Jack had heard there were moments where, in a split second, your whole life flashes before your eyes.  His did, and what he saw he didn’t like.

But, then, neither was he very happy about the fact he was nearly out the door before the policewoman on the other side crashed into him and sent him sprawling to the floor.

That was about the same fraction of a second he heard the gun go off, twice, or so he thought, and knew he was a dead man, waiting for the bullet.

Another fraction of a second passed as the policewoman tried to unravel the mess they’d become, and in that moment in time felt the tugging at his sleeve and then, as if in slow motion, the sound of the glass door disintegrating behind him.

 

Annalisa was quite prepared to let the customer go.

She kept one eye on the shopkeeper and one on the customer, sidling towards the door.  The gun was ready to shoot the first person who made a wrong move.

Or so she told herself.  It was getting heavy in her hand, she was shaking almost uncontrollable now, and was getting more and more frightened of the consequences.  She didn’t think, if she aimed, she could hit the side of a barn let alone a person standing ten feet away from her.

The customer reached the door.

At exactly the moment he put his hand 0on the door handle to open the door, another person was pushing the door, trying to make their way in.

With force.

She saw the blue cap, guess it was the police, though she hadn’t heard the siren, but also guessed the shopkeeper might have a silent alarm.

Damn.

One shot, instantly in the direction of the door, not necessarily ailed at the two people now collapsing to the floor in a tangled mess, but at the door itself.
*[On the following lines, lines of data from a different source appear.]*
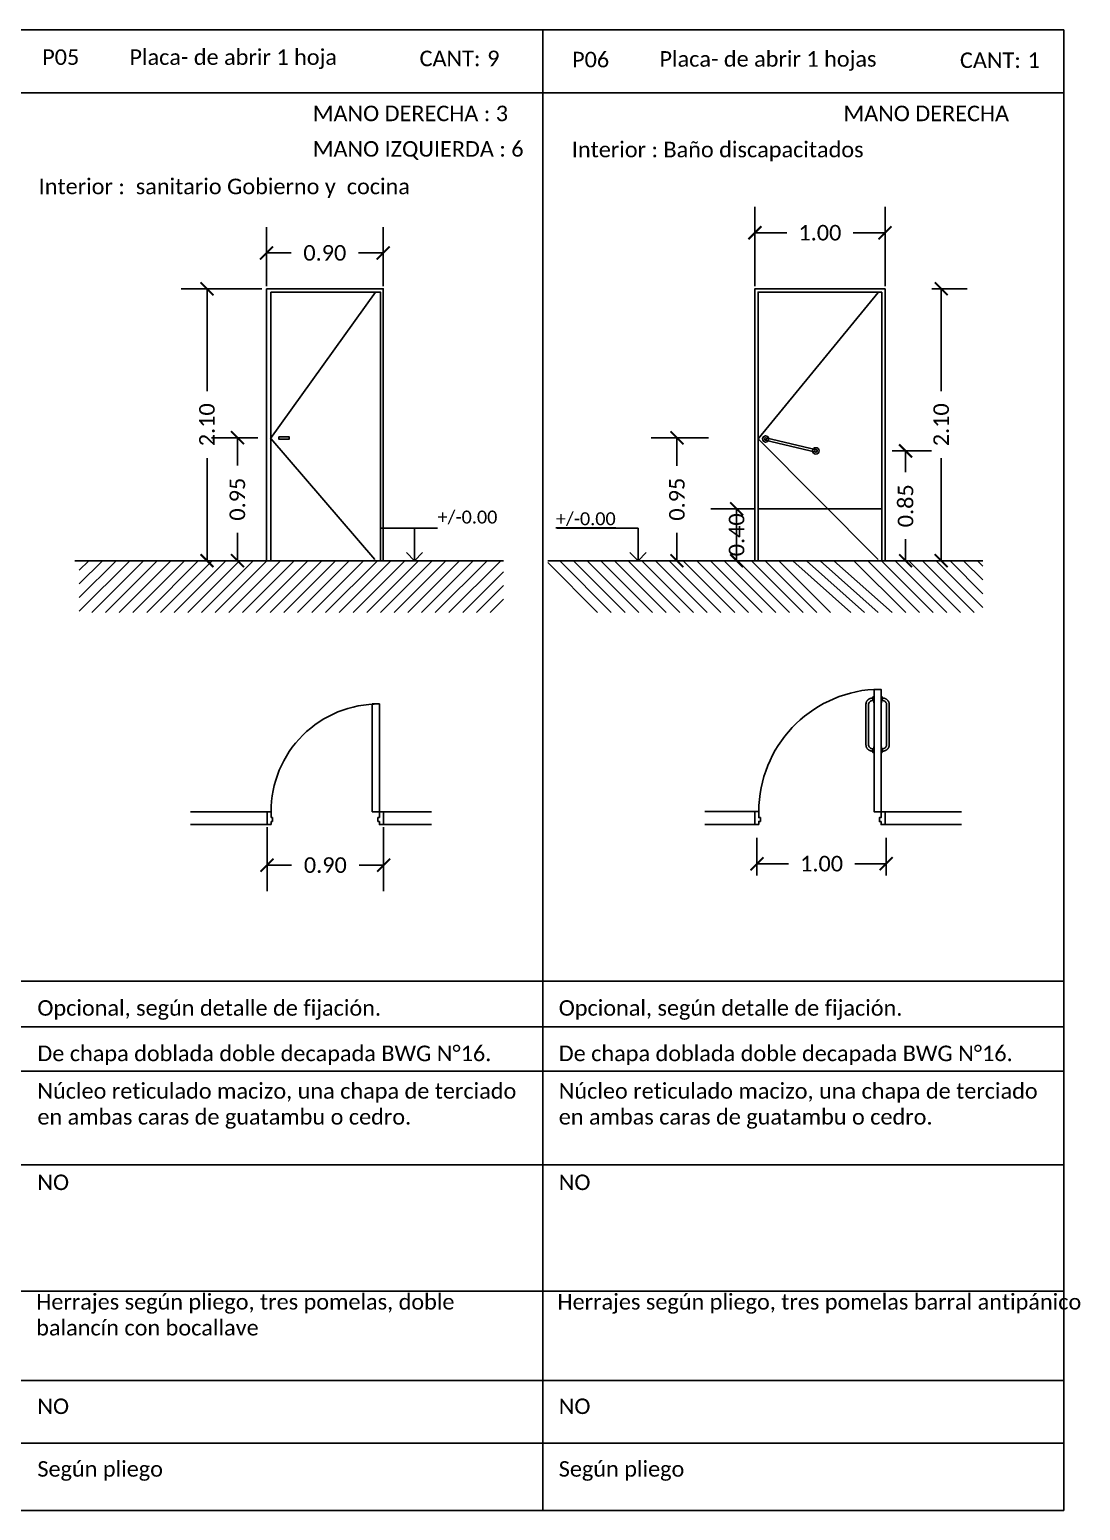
# Model space of a CAD drawing. Header units: metres. Extents: x 2371.5 to 2401.8, y 1406.8 to 1418.2.
# Drawn here: x 2393.69 to 2401.81, y 1406.75 to 1418.19 of the extents above; entities that cross this region are included whole.
import ezdxf
from ezdxf import colors
from ezdxf.entities.mleader import LeaderData, LeaderLine
from ezdxf.math import Vec2, Vec3

# ---------------------------------------------------------------- set-up
doc = ezdxf.new("R2010")
doc.units = ezdxf.units.M
doc.header["$LTSCALE"] = 0.2
doc.set_wipeout_variables(frame=1)
doc.header["$PDMODE"] = 3
doc.layers.get('0').update_dxf_attribs({"linetype": 'CONTINUOUS'})
doc.layers.get('DEFPOINTS').update_dxf_attribs({"linetype": 'CONTINUOUS'})
for name, color, linetype in [('0-COT-1-50', 1, 'CONTINUOUS'), ('0-T-1-50-TEXTOS', 2, 'CONTINUOUS'), ('A-HATCHS', 252, 'CONTINUOUS'), ('A-SIM-NIVELES', 1, 'CONTINUOUS'), ('AR-CARPINTERIA_015', 2, 'CONTINUOUS'), ('AR-CARPINTERIA_DET_01', 1, 'CONTINUOUS'), ('AR-CARPINTERIA_DET_BARRIDO', 252, 'CONTINUOUS'), ('AR-MUROS_EN_CORTE_05', 3, 'CONTINUOUS'), ('ROTULO', 2, 'CONTINUOUS')]:
    doc.layers.add(name, color=color, linetype=linetype)
doc.styles.add('1-50-TEXTO-CAL', font='calibri.ttf', dxfattribs={"height": 0.12})
doc.styles.add('TCH-1-50-CA', font='calibri.ttf', dxfattribs={"height": 0.1})
doc.dimstyles.new('1-50-COTAS', dxfattribs={"dimtxt": 0.12, "dimasz": 0.1, "dimexe": 0.2, "dimexo": 0.02, "dimgap": 0.1, "dimtad": 0, "dimtoh": 1, "dimzin": 0, "dimdsep": 46, "dimtxsty": '1-50-TEXTO-CAL', "dimblk": 'ARCHTICK', "dimcen": 0.5, "dimclre": 250, "dimclrt": 256, "dimadec": 0, "dimazin": 0, "dimtfac": 1, "dimtmove": 0, "dimatfit": 3, "dimldrblk": 'ARCHTICK', "dimfxl": 1, "dimtzin": 0, "dimarcsym": 0})

# ---------------------------------------------------------------- blocks, each defined once
blk = doc.blocks.new('_ARCHTICK')
at = {"color": 0, "linetype": 'ByBlock', "const_width": 0.15}
blk.add_lwpolyline([(-0.5, -0.5), (0.5, 0.5)], dxfattribs=at)
blk = doc.blocks.new('*D32')
at = {"layer": '0-COT-1-50', "color": 250, "lineweight": -2, "transparency": 16777216}
for p, q in [((2400.664, 1416.189), (2400.936, 1416.189)), ((2400.539, 1414.089), (2400.936, 1414.089))]:
    blk.add_line(p, q, dxfattribs=at)
at = {"layer": '0-COT-1-50', "color": 0, "lineweight": -2, "transparency": 16777216}
for p, q in [((2400.736, 1416.189), (2400.736, 1415.398)), ((2400.736, 1414.089), (2400.736, 1414.88))]:
    blk.add_line(p, q, dxfattribs=at)
at = {"layer": 'DEFPOINTS', "color": 0, "transparency": 16777216}
for p in [(2400.644, 1416.189), (2400.736, 1416.189), (2400.519, 1414.089)]:
    blk.add_point(p, dxfattribs=at)
at = {"layer": '0-COT-1-50', "color": 0, "lineweight": -2, "transparency": 16777216, "xscale": 0.1, "yscale": 0.1, "zscale": 0.1}
for p, rotation in [((2400.736, 1416.189), 90), ((2400.736, 1414.089), 270)]:
    blk.add_blockref('_ARCHTICK', p, dxfattribs=dict(at, rotation=rotation))
at = {"layer": '0-COT-1-50', "transparency": 16777216, "insert": (2400.736, 1415.139), "char_height": 0.12, "attachment_point": 5, "rotation": 90, "style": '1-50-TEXTO-CAL'}
blk.add_mtext('2.10', dxfattribs=at)
blk = doc.blocks.new('*D33')
at = {"layer": '0-COT-1-50', "color": 250, "lineweight": -2, "transparency": 16777216}
for p, q in [((2399.313, 1411.658), (2399.313, 1411.948)), ((2400.311, 1411.658), (2400.311, 1411.948))]:
    blk.add_line(p, q, dxfattribs=at)
at = {"layer": '0-COT-1-50', "color": 0, "lineweight": -2, "transparency": 16777216}
for p, q in [((2399.313, 1411.748), (2399.556, 1411.748)), ((2400.311, 1411.748), (2400.068, 1411.748))]:
    blk.add_line(p, q, dxfattribs=at)
at = {"layer": 'DEFPOINTS', "color": 0, "transparency": 16777216}
for p in [(2400.311, 1411.748), (2399.313, 1411.638), (2400.311, 1411.638)]:
    blk.add_point(p, dxfattribs=at)
at = {"layer": '0-COT-1-50', "color": 0, "lineweight": -2, "transparency": 16777216, "xscale": 0.1, "yscale": 0.1, "zscale": 0.1, "rotation": 180}
blk.add_blockref('_ARCHTICK', (2399.313, 1411.748), dxfattribs=at)
at = {"layer": '0-COT-1-50', "color": 0, "lineweight": -2, "transparency": 16777216, "xscale": 0.1, "yscale": 0.1, "zscale": 0.1}
blk.add_blockref('_ARCHTICK', (2400.311, 1411.748), dxfattribs=at)
at = {"layer": '0-COT-1-50', "transparency": 16777216, "insert": (2399.812, 1411.748), "char_height": 0.12, "attachment_point": 5, "style": '1-50-TEXTO-CAL'}
blk.add_mtext('1.00', dxfattribs=at)
blk = doc.blocks.new('*D34')
at = {"layer": '0-COT-1-50', "color": 250, "lineweight": -2, "transparency": 16777216}
for p, q in [((2398.938, 1415.038), (2398.495, 1415.038)), ((2399.387, 1414.089), (2398.495, 1414.089))]:
    blk.add_line(p, q, dxfattribs=at)
at = {"layer": '0-COT-1-50', "color": 0, "lineweight": -2, "transparency": 16777216}
for p, q in [((2398.695, 1415.038), (2398.695, 1414.822)), ((2398.695, 1414.089), (2398.695, 1414.305))]:
    blk.add_line(p, q, dxfattribs=at)
at = {"layer": 'DEFPOINTS', "color": 0, "transparency": 16777216}
for p in [(2398.695, 1415.038), (2398.958, 1415.038), (2399.407, 1414.089)]:
    blk.add_point(p, dxfattribs=at)
at = {"layer": '0-COT-1-50', "color": 0, "lineweight": -2, "transparency": 16777216, "xscale": 0.1, "yscale": 0.1, "zscale": 0.1}
for p, rotation in [((2398.695, 1415.038), 90), ((2398.695, 1414.089), 270)]:
    blk.add_blockref('_ARCHTICK', p, dxfattribs=dict(at, rotation=rotation))
at = {"layer": '0-COT-1-50', "transparency": 16777216, "insert": (2398.695, 1414.564), "char_height": 0.12, "attachment_point": 5, "rotation": 90, "style": '1-50-TEXTO-CAL'}
blk.add_mtext('0.95', dxfattribs=at)
blk = doc.blocks.new('*D35')
at = {"layer": '0-COT-1-50', "color": 250, "lineweight": -2, "transparency": 16777216}
for p, q in [((2400.356, 1414.937), (2400.661, 1414.937)), ((2400.73, 1414.089), (2400.261, 1414.089))]:
    blk.add_line(p, q, dxfattribs=at)
at = {"layer": '0-COT-1-50', "color": 0, "lineweight": -2, "transparency": 16777216}
for p, q in [((2400.461, 1414.937), (2400.461, 1414.772)), ((2400.461, 1414.089), (2400.461, 1414.254))]:
    blk.add_line(p, q, dxfattribs=at)
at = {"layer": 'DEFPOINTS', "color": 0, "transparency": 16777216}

The impact, yet another guess, might shatter the glass and make it easier to escape.

After one more job.

The hell with Simmo.  He’d dragged her down the rabbit hole far enough.  Simmo knew her first name, that she had rich parents, but nothing else.  Besides, he was in such bad shape she didn’t think he’d recover.

The shopkeeper had no idea who she was, it was the first time she’d been to his shop, and now, after a few weeks with Simmo, not ever her mother would recognize her.

She swiveled the gun and aimed it at the shopkeeper and pulled the trigger.,  One less dealer in the city was good news not bad.

She saw it hit, not exactly where, but it caused him to twist and start falling to the ground, at the same time letting out a very loud scream.  Panic or anger?

She wasn’t waiting to find out.

A last glance at Simmo, now down for the count, she ran for the door, past the two on the floor, what she could now see was a policewoman with her weapon drawn, but unable to use it.

She crashed through the remainder of the glass shards put into the street and ran.

In the distance she could hear a police car coming, siren blaring.  A warning if there was ever one to run harder, up the road, down an alley, out into another street, then down into the subway.

Gone.

 

It took fifteen seconds to disentangle herself from the customer, pushing him away, and getting to her feet, weapon aimed.

At nothing but air.

The girl had gone, and then she had the vague recollection of a shadow passing her as she was facing the other way getting to her feet.

And running out the door.

Five more valuable seconds as her brain processed this piece of information, before it issued the command to go out the door and see which way she went.

Another ten seconds to get out the door, and see the police car coming from the same direction she had earlier, screeching to a halt outside the shop, a car door opening, and an officer getting out.

Margaret was guessing at the driver to drive down the road where she guessed the girl had run, managing to yell breathlessly at the office getting out, “She’s gone that way,” and pointing.

The officer relayed the message and closed the door as the car sped off.

“What happened?”

“Shots fired by a woman, more a girl, in the process of a robbery.”

She ran back inside the officer following.

The customer had moved to a corner and was standing, testing his limbs, with an expression that said he was amazed he was still alive.

“Over behind the counter.  She shopkeeper.  He was standing there.”

The policeman rounded the end of the counter and looked down.  “He’s here.  It’s not looking good.”

Margaret didn’t hear him.  She was calling an ambulance.